08-06-2015 01:15 PM
this one is a bit tricky to explain. Here is the original problem though:
I have a list of 10,000 observations. Each observation has a unique observation ID which is between 100 and 400 characters long:
|(more observation IDs...)||...|
This data set now gets transposed and the observation IDs become the column names. The problem is that the observation_id's get truncated to 32 characters, because that is the maximum length for column names supported by SAS 9.4:
One problem is that they may no longer be unique when truncated. They also can no longer be referenced by people querying the data. For instance, a person wants to be able to run a program that divides Observation 1 by Observation 2 and reference those two observations by their observation ID. This is no longer possible, because they would still enter the whole/original observation ID.

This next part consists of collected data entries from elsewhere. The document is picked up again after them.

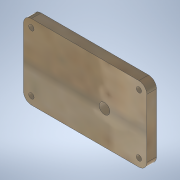
# Autodesk Inventor part: ロボット回転t5.5_2
Saved by Autodesk Inventor 2020.3 (Build 243373000, 373)
## iProperties
Created: 2020-07-07
Part Number: ロボット回転t5.5_2
Material: 木材 (カエデ材)
Document SubType Name: Modeling
Designer: totot
Density: 0.67 g/cm^3
Appearance: ナチュラル カエデ材 - 光沢 濃い着色
Author: totot
Autodesk Inventor part; units mm, degrees
ref_plane "YZ Plane" through (0, 0, 0) normal (1, 0, 0) x (0, 1, 0)
ref_plane "XZ Plane" through (0, 0, 0) normal (0, 1, 0) x (-1, 0, 0)
ref_plane "XY Plane" through (0, 0, 0) normal (0, 0, 1) x (1, 0, 0)
sketch "スケッチ1" plane through (0, 0, 0) normal (0, 0, 1) x (1, 0, 0)
  line L0 (0, 0) -> (70, 0)
  line L1 (70, 0) -> (70, -42.5)
  line L2 (70, -42.5) -> (0, -42.5)
  line L3 (0, -42.5) -> (0, 0)
  dimension "d0" = 70
  dimension "d1" = 42.5
  constraints: 8 end point, 2 parallel, 1 horizontal, 1 perpendicular
  measures "d0" distance of L1.end L2.end
  measures "d1" distance of L0.end L1.end
extrude "押し出し1" add sketch "スケッチ1" along normal blind 5.5
sketch "スケッチ2" plane through (0, 0, 5.5) normal (0, 0, 1) x (1, 0, 0)
  line L0 (4.5, -38) -> (65.5, -38)
  line L1 (65.5, -38) -> (65.5, -4.5)
  line L2 (65.5, -4.5) -> (4.5, -4.5)
  line L3 (4.5, -4.5) -> (4.5, -38)
  line L4 (0, 0) -> (0, -42.5) projected
  line L5 (0, -42.5) -> (70, -42.5) projected
  dimension "d4" = 61
  dimension "d5" = 33.5
  dimension "d6" = 4.5
  dimension "d7" = 4.5
  constraints: 8 end point, 4 coincident, 2 parallel, 1 horizontal, 1 perpendicular
  measures "d4" distance of L2.end L1.end
  measures "d5" distance of L1.end L0.end
  measures "d6" distance between parallel lines of L3 L4
  measures "d7" distance between parallel lines of L0 L5
hole "穴1" at (4.5, -38, 5.5) at (4.5, -4.5, 5.5) at (65.5, -4.5, 5.5) at (65.5, -38, 5.5) direction (0, 0, -1) diameter 3 end through all
fillet "フィレット1" radius 4.5 4 edges at (0, 0, 2.75) (70, 0, 2.75) (70, -42.5, 2.75) (0, -42.5, 2.75)
sketch "スケッチ3" plane through (0, 0, 5.5) normal (0, 0, 1) x (1, 0, 0)
  line L0 (65.5, 0) -> (4.5, 0) projected
  line L1 (70, -38) -> (70, -4.5) projected
  point P0 (0, 0)
  point P1 (46, -23.5)
  dimension "d16" = 23.5
  dimension "d17" = 24
  measures "d16" distance from line of point (46, -23.5) L0
  measures "d17" distance from line of point (46, -23.5) L1
hole "穴2" at (46, -23.5, 5.5) direction (0, 0, -1) diameter 17 end through all
sketch "スケッチ4" plane through (0, 0, 0) normal (0, 0, -1) x (-1, 0, 0)
  line L0 (-4.5, -42.5) -> (-65.5, -42.5) projected
  line L1 (0, -4.5) -> (0, -38) projected
  point P0 (0, 0)
  point P1 (-10, -35.5)
  point P2 (-10, -30)
  point P3 (-10, -24.5)
  point P4 (-10, -19)
  point P5 (-10, -13.5)
  point P6 (-10, -8)
  point P7 (-15.5, -35.5)
  point P8 (-15.5, -30)
  point P9 (-15.5, -24.5)
  point P10 (-15.5, -19)
  point P11 (-15.5, -13.5)
  point P12 (-15.5, -8)
  point P13 (-21, -35.5)
  point P14 (-21, -30)
  point P15 (-21, -24.5)
  point P16 (-21, -19)
  point P17 (-21, -13.5)
  point P18 (-21, -8)
  point P19 (-26.5, -35.5)
  point P20 (-26.5, -30)
  point P21 (-26.5, -24.5)
  point P22 (-26.5, -19)
  point P23 (-26.5, -13.5)
  point P24 (-26.5, -8)
  point P25 (-32, -35.5)
  point P26 (-32, -30)
  point P27 (-32, -24.5)
  point P28 (-32, -19)
  point P29 (-32, -13.5)
  point P30 (-32, -8)
  dimension "d25" = 7
  dimension "d26" = 10
  dimension "d29" = 5.5
  dimension "d32" = 5.5
  constraints: 1 horizontal, 1 vertical, 29 other
  measures "d25" distance from line of L0 point (-10, -35.5)
  measures "d26" distance from line of L1 point (-10, -35.5)
  measures "d29" distance of point (-10, -35.5) point (-10, -30)
  measures "d32" distance of point (-10, -35.5) point (-15.5, -35.5)
hole "穴3" at (10, -35.5, 0) at (10, -30, 0) at (10, -24.5, 0) at (10, -19, 0) at (10, -13.5, 0) at (10, -8, 0) at (15.5, -35.5, 0) at (15.5, -30, 0) at (15.5, -24.5, 0) at (15.5, -19, 0) at (15.5, -13.5, 0) at (15.5, -8, 0) at (21, -35.5, 0) at (21, -30, 0) at (21, -24.5, 0) at (21, -19, 0) at (21, -13.5, 0) at (21, -8, 0) at (26.5, -35.5, 0) at (26.5, -30, 0) at (26.5, -24.5, 0) at (26.5, -19, 0) at (26.5, -13.5, 0) at (26.5, -8, 0) at (32, -35.5, 0) at (32, -30, 0) at (32, -24.5, 0) at (32, -19, 0) at (32, -13.5, 0) at (32, -8, 0) direction (0, 0, 1) diameter 4.5 end through all

I thought about creating an md5 hash for each observation ID. It shortens them to 32 bytes. But is that a safe thing to do considering the source string is much longer than 32 bytes (up to 400 characters long)? Even if it is safe because of its very low collision probability, I wouldn't be able to work with those special characters MD5 generates. So I would have convert the hashed string using a hexadecimal format for instance. But wouldn't that tremendously increase the collision probability due to its low character range (I thinik 1-16 characters only)?
Thanks for your help!
08-06-2015 01:24 PM
Because the end users want to create simple files that hold formulae. For example: Observation 1 + Observation 2. I must load these formulae and execute them. This only works if the underlying observations are all in one row. Otherwise I have to use procedures and complex logic. Let's assume the design is a given.
08-06-2015 01:44 PM
Just number them.
data middle ;
set have ;
by observation_id ;
if first.observation_id then observation_number+1;
proc transpose data=middle out=want prefix=obs ;
id obervation_number ;
var value ;
08-06-2015 03:55 PM
Tom, how is the end user going to be able to reference the observation id if I converted it to a number? He only has the actual observation id (the name), not the number which I would be assigning dynamically according to your code. Ballardw, can I reference the label like I would reference the column name when aggregating variables? I think the maximum label length is 256 characters, right? That'd still be too short.